# Why the old 2.0T?



## loopless (Oct 4, 2007)

Seems bizarre to me that the Q3 is coming with the 'old' gen 2.0T. That engine is not in any current VW/Audi product except possibly the US Tiguan. Why go to the trouble of adding another engine to the Audi range. 
I can't see it being competitive to the X1.


----------



## VR6Now (Dec 31, 2000)

loopless said:


> Seems bizarre to me that the Q3 is coming with the 'old' gen 2.0T. That engine is not in any current VW/Audi product except possibly the US Tiguan. Why go to the trouble of adding another engine to the Audi range.
> I can't see it being competitive to the X1.


Simply put, its because the engine and powertrain are already certified for use here in the US in the Tiguan. You can certify a vehicle of similar size, powertrain, and weight by similarity. It makes life simple. Also, this engine is still available in the EU Q3. Since the Q3 is an old vehicle, there's no cost advantage to taking one of the new engines and making provisions for fitment. 

The Q3 might see the new engines for the 2016 refresh. It seems silly for Audi to bring this car to the US market one model year before being refreshed on the existing PQ35 platform. They should've just waited a year. Better yet, they waited this long so they could've waited until the MQB Q3 hits the market in 2018 or so.


----------



## DasCC (Feb 24, 2009)

VR6Now said:


> Simply put, its because *the engine and powertrain are already certified for use here in the US *in the Tiguan. You can certify a vehicle of similar size, powertrain, and weight by similarity. It makes life simple.

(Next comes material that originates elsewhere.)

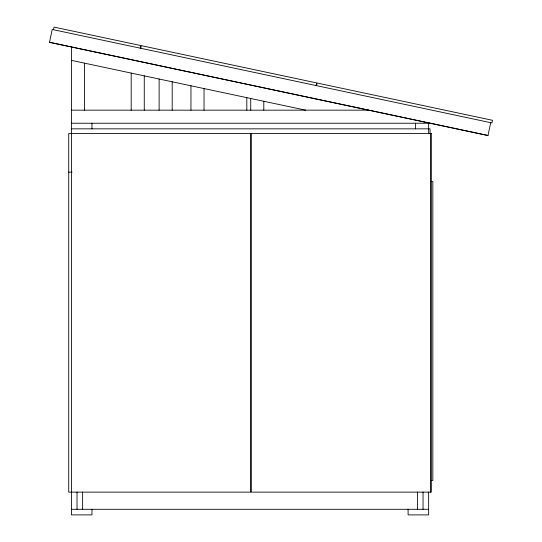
<?xml version="1.0" encoding="UTF-8"?>
<svg xmlns="http://www.w3.org/2000/svg" width="542" height="542" viewBox="0 0 542 542"><rect width="100%" height="100%" fill="white"/><g stroke="black" fill="none" stroke-linecap="round" stroke-linejoin="round"><path stroke-width="0.81" d="M53.462 29.729L54.017 27.1L140.805 45.548L140.243 48.17M140.703 48.272L141.259 45.643L316.657 82.926L316.094 85.555M316.555 85.65L317.111 83.021L492.509 120.304L491.946 122.932L52.222 29.464L49.491 42.351L487.983 135.554L490.706 122.668M71.415 110.161L368.519 110.161M71.415 123.237L430.043 123.237M71.415 128.84L430.043 128.84L430.043 133.644M68.732 172.153L72.12 172.153M431.351 181.604L432.848 181.604L432.848 480.463L431.351 480.463M71.415 509.297L428.647 509.297M49.498 42.249L487.99 135.453M71.415 60.372L305.634 110.161M430.511 133.508L430.511 492.136M428.647 123.237L428.647 133.644M428.647 492.034L428.647 514.9L408.099 514.9L408.099 509.297M423.045 492.034L423.045 509.297M417.435 492.034L417.435 509.297M415.572 123.237L415.572 128.84M263.805 101.266L263.805 110.161M250.729 98.488L250.729 110.161M246.813 97.641L246.813 110.161M204.036 88.563L204.036 110.161M190.96 85.785L190.96 110.161M172.193 81.781L172.193 110.161M159.118 79.085L159.118 110.161M144.267 75.86L144.267 110.161M131.191 73.082L131.191 110.161M91.964 123.237L91.964 128.84M91.964 509.297L91.964 514.9L71.415 514.9L71.415 47.005M84.491 63.157L84.491 110.161M82.628 492.034L82.628 509.297M77.018 492.034L77.018 509.297M250.729 133.508L68.732 133.508L68.732 492.136L250.729 492.136L250.729 133.508M431.33 133.508L251.197 133.508L251.197 492.136L431.33 492.136L431.33 133.508"/></g></svg>
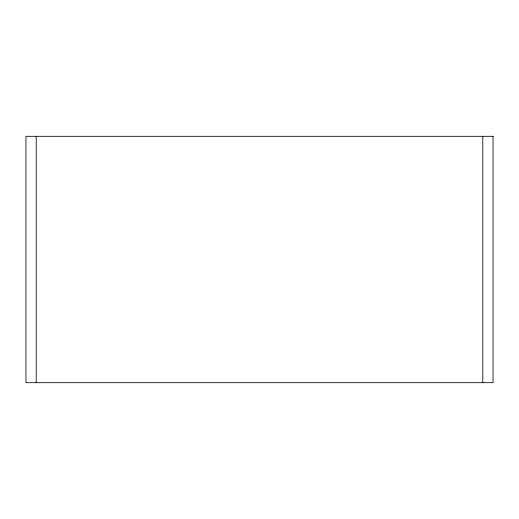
<?xml version="1.0" encoding="UTF-8"?>
<svg xmlns="http://www.w3.org/2000/svg" width="519" height="519" viewBox="0 0 519 519"><rect width="100%" height="100%" fill="white"/><g stroke="black" fill="none" stroke-linecap="round" stroke-linejoin="round"><path stroke-width="0.78" d="M482.787 136.309L482.787 382.691M36.213 136.309L36.213 382.691M493.05 136.309L25.95 136.309L25.95 382.691L493.05 382.691L493.05 136.309"/></g></svg>

Also, this engine is still available in the EU Q3. Since the Q3 is an old vehicle, there's no cost advantage to taking one of the new engines and making provisions for fitment.
> 
> The Q3 might see the new engines for the 2016 refresh. It seems silly for Audi to bring this car to the US market one model year before being refreshed on the existing PQ35 platform. They should've just waited a year. Better yet, they waited this long so they could've waited until the MQB Q3 hits the market in 2018 or so.


:thumbup: This

Keep in mind not everybody is an enthusiast and will just see 2.0T and think its the same as the one found in the A3,4,5,6 All-Road, Q5 etc.


----------



## Sincity (May 17, 2005)

DasCC said:


> :thumbup: This
> 
> Keep in mind not everybody is an enthusiast and will just see 2.0T and think its the same as the one found in the A3,4,5,6 All-Road, Q5 etc.


That is so true.


----------



## struTTer (Mar 7, 2007)

Sincity said:


> That is so true.


And that is why VAG continues to shortchange the US consumer. It takes them well over a year to bring products to the US after they have been for sale in Europe. The dumb down their products for us. The Jetta is a perfect example of this. We're not getting the same Golf R as Europe, they showed the Golf Sportwagon TDI 4Motion at all the US car shows and IF they bring it here, we have probably a year to wait. There are plenty more examples on this list.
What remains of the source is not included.